„Ich hatte schon als Kind eine besondere Affinität zur Naturwissenschaft“, sagt Westphal, der in Winsen/Luhe geboren wurde. Nach dem Studium mit Abschluss als Diplommathematiker blieb er seiner Leidenschaft treu, um dann 1974 beim hannoverschen Schulbuchverlag Schroedel anzufangen. Dieser legte in seinen Lehrbüchern ein besonderes Gewicht auf Mathematik und Naturwissenschaften. „Ich war Redakteur für das Grundschul-Mathebuch ‚Die Welt der Zahl‘ und Herausgeber für ‚Flex und Flo‘ zum flexiblen Matheunterricht“, sagt Westphal, der seit 1976 in Pattensen lebt. „Da blieb mir während der Woche und durch Tagungen am Wochenende nur unregelmäßig und nicht ganz so viel Zeit für mein Hobby.“
Dieses Hobby sind alte Autos. Parallel zu seinem Beruf ist Westphal im Lauf von mehr als 40 Jahren zum bundesweit geschätzten Spezialisten für Mercedes-Oldtimerteile geworden. „Meine Liebe zu Oldtimern begann, nachdem mein erstes Auto durch einen unverschuldeten Unfall zu einem Totalschaden wurde“, erzählt er. Dabei war das gar kein Mercedes, sondern ein 58-er VW Käfer, noch mit ausstellbaren Winkern zum Blinken.
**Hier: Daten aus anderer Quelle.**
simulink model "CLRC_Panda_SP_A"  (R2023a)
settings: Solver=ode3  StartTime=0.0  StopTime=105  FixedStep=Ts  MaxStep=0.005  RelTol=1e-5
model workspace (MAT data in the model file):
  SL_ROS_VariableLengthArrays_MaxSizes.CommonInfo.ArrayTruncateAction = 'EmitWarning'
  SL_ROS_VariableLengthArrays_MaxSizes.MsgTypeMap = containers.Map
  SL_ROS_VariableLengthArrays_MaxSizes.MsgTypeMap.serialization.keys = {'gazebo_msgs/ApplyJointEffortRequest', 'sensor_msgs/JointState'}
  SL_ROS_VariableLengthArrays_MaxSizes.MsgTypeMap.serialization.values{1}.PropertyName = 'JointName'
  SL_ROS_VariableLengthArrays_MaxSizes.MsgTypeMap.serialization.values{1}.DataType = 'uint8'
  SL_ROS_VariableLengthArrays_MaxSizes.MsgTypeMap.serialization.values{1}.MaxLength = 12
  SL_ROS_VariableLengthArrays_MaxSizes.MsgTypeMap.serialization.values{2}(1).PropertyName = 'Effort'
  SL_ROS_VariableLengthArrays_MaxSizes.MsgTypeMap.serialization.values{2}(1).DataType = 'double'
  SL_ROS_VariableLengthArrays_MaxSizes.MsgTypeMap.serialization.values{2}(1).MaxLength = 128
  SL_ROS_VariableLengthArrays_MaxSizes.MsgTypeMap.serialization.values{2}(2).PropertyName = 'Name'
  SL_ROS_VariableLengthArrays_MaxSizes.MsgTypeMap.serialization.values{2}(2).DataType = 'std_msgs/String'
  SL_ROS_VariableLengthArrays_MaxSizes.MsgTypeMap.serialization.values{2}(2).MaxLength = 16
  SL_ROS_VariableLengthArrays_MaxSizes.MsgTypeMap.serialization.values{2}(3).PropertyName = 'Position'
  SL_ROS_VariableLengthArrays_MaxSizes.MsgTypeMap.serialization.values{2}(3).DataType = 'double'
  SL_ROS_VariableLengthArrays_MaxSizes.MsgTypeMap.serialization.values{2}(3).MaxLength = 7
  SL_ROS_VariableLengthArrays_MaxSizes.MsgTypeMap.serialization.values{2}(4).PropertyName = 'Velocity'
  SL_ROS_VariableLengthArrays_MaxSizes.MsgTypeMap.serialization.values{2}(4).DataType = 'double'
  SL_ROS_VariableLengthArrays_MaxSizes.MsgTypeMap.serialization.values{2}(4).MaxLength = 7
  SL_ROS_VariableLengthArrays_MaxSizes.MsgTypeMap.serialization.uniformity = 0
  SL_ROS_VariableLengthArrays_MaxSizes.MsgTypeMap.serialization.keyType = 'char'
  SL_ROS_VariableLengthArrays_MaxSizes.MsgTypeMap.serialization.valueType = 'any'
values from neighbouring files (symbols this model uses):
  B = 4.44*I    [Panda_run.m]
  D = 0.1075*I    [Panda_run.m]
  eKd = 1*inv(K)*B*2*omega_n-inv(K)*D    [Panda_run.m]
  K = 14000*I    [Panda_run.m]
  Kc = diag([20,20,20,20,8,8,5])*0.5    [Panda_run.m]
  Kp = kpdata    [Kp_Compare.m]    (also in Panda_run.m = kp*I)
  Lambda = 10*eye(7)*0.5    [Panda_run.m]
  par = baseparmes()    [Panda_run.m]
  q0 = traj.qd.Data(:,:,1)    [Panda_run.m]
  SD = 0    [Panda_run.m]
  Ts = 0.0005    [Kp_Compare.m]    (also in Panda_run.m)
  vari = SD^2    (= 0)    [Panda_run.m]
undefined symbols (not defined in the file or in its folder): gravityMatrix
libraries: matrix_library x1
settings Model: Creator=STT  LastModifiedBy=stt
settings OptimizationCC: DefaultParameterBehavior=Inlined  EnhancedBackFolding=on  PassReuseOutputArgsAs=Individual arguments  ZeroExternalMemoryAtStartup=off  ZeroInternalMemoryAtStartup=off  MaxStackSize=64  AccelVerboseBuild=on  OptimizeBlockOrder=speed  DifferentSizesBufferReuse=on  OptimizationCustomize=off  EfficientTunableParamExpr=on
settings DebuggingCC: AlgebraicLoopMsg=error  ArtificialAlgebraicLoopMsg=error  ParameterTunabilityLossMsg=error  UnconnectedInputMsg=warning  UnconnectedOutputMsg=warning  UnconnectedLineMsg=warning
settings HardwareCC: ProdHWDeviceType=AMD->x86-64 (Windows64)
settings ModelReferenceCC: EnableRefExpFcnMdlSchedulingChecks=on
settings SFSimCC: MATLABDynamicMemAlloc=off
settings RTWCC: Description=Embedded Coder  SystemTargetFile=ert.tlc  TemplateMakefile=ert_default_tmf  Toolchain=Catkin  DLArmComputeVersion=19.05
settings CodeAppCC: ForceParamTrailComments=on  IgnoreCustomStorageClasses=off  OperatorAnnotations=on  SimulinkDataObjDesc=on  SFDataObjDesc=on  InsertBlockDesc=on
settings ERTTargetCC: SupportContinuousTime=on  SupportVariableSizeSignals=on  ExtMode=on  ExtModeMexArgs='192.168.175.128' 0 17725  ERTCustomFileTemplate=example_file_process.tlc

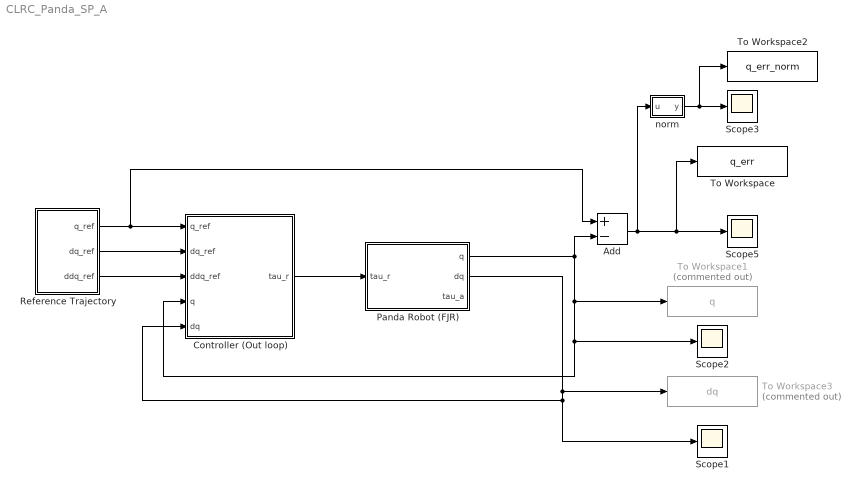
== system CLRC_Panda_SP_A ==
  Add : Sum  Inputs=+-
  Controller (Out loop) : Subsystem
  Panda Robot (FJR) : Subsystem
  Reference Trajectory : Subsystem
  Scope{1..3,5} (4 alike) : Scope
  To Workspace : ToWorkspace  VariableName=q_err  SaveFormat=Timeseries  SampleTime=-1
  To Workspace1 : ToWorkspace  Commented=on  VariableName=q  SaveFormat=Timeseries  SampleTime=-1
  To Workspace2 : ToWorkspace  VariableName=q_err_norm  SaveFormat=Timeseries  SampleTime=-1
  To Workspace3 : ToWorkspace  Commented=on  VariableName=dq  SaveFormat=Timeseries  SampleTime=-1
  norm : MATLAB Function  TreatAsAtomicUnit=on
  wires:
  Reference Trajectory/1(q_ref) -> Add/1, Controller (Out loop)/1(q_ref)
  Reference Trajectory/2(dq_ref) -> Controller (Out loop)/2(dq_ref)
  Reference Trajectory/3(ddq_ref) -> Controller (Out loop)/3(ddq_ref)
  Add/1 -> norm/1(u), Scope5/1, To Workspace/1
  Panda Robot (FJR)/2(dq) -> Scope1/1, Controller (Out loop)/5(dq), To Workspace3/1
  Panda Robot (FJR)/1(q) -> Add/2, Controller (Out loop)/4(q), Scope2/1, To Workspace1/1
  norm/1(y) -> To Workspace2/1, Scope3/1
  Controller (Out loop)/1(tau_r) -> Panda Robot (FJR)/1(tau_r)

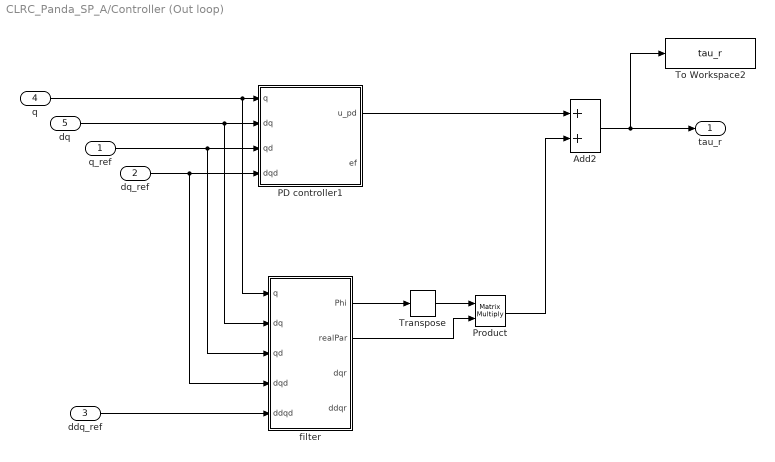
== system CLRC_Panda_SP_A/Controller (Out loop) ==
  q_ref : Inport
  dq_ref : Inport  Port=2
  ddq_ref : Inport  Port=3
  q : Inport  Port=4
  dq : Inport  Port=5
  Add2 : Sum
  PD controller1 : Subsystem
  Product : Product  Multiplication=Matrix(*)
  To Workspace2 : ToWorkspace  VariableName=tau_r  SaveFormat=Timeseries  SampleTime=-1
  Transpose : matrix_library/Transpose
  filter : Subsystem
  tau_r : Outport
  wires:
  q/1 -> PD controller1/1(q), filter/1(q)
  q_ref/1 -> PD controller1/3(qd), filter/3(qd)
  dq_ref/1 -> PD controller1/4(dqd), filter/4(dqd)
  dq/1 -> PD controller1/2(dq), filter/2(dq)
  PD controller1/1(u_pd) -> Add2/1
  Transpose/1 -> Product/1
  Product/1 -> Add2/2
  filter/1(Phi) -> Transpose/1
  filter/2(realPar) -> Product/2
  ddq_ref/1 -> filter/5(ddqd)
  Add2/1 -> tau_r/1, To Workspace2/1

Alle von ihm danach begutachteten Fahrzeuge – Fiat, Käfer, Karmann Ghia – waren in einem nicht mehr reparablen Zustand. Doch ein früherer offener Mercedes-Tourenwagen der Polizei, ein Diesel-Cabriolet mit vier Sitzen aus Hamburg, hatte es ihm angetan. So ging es los mit dem Restaurieren, von den originalen „Eierrückleuchten“ über das Blaulicht bis zum elfenbeinfarbenen Lack. „Da musste immer einiges gemacht werden, bis zum Versuch des Schweißens und Verzinnens. Am Wochenende war das für mich mit richtig schmutzigen Händen der Ausgleich zum Studium“, erinnert sich Westphal. Arbeiten am Fahrgestell führte er mit einem Fachmann für Mercedes-Oldtimer in Schleswig-Holstein aus. Für Blech- und Holzteile mussten jedoch andere Experten ran.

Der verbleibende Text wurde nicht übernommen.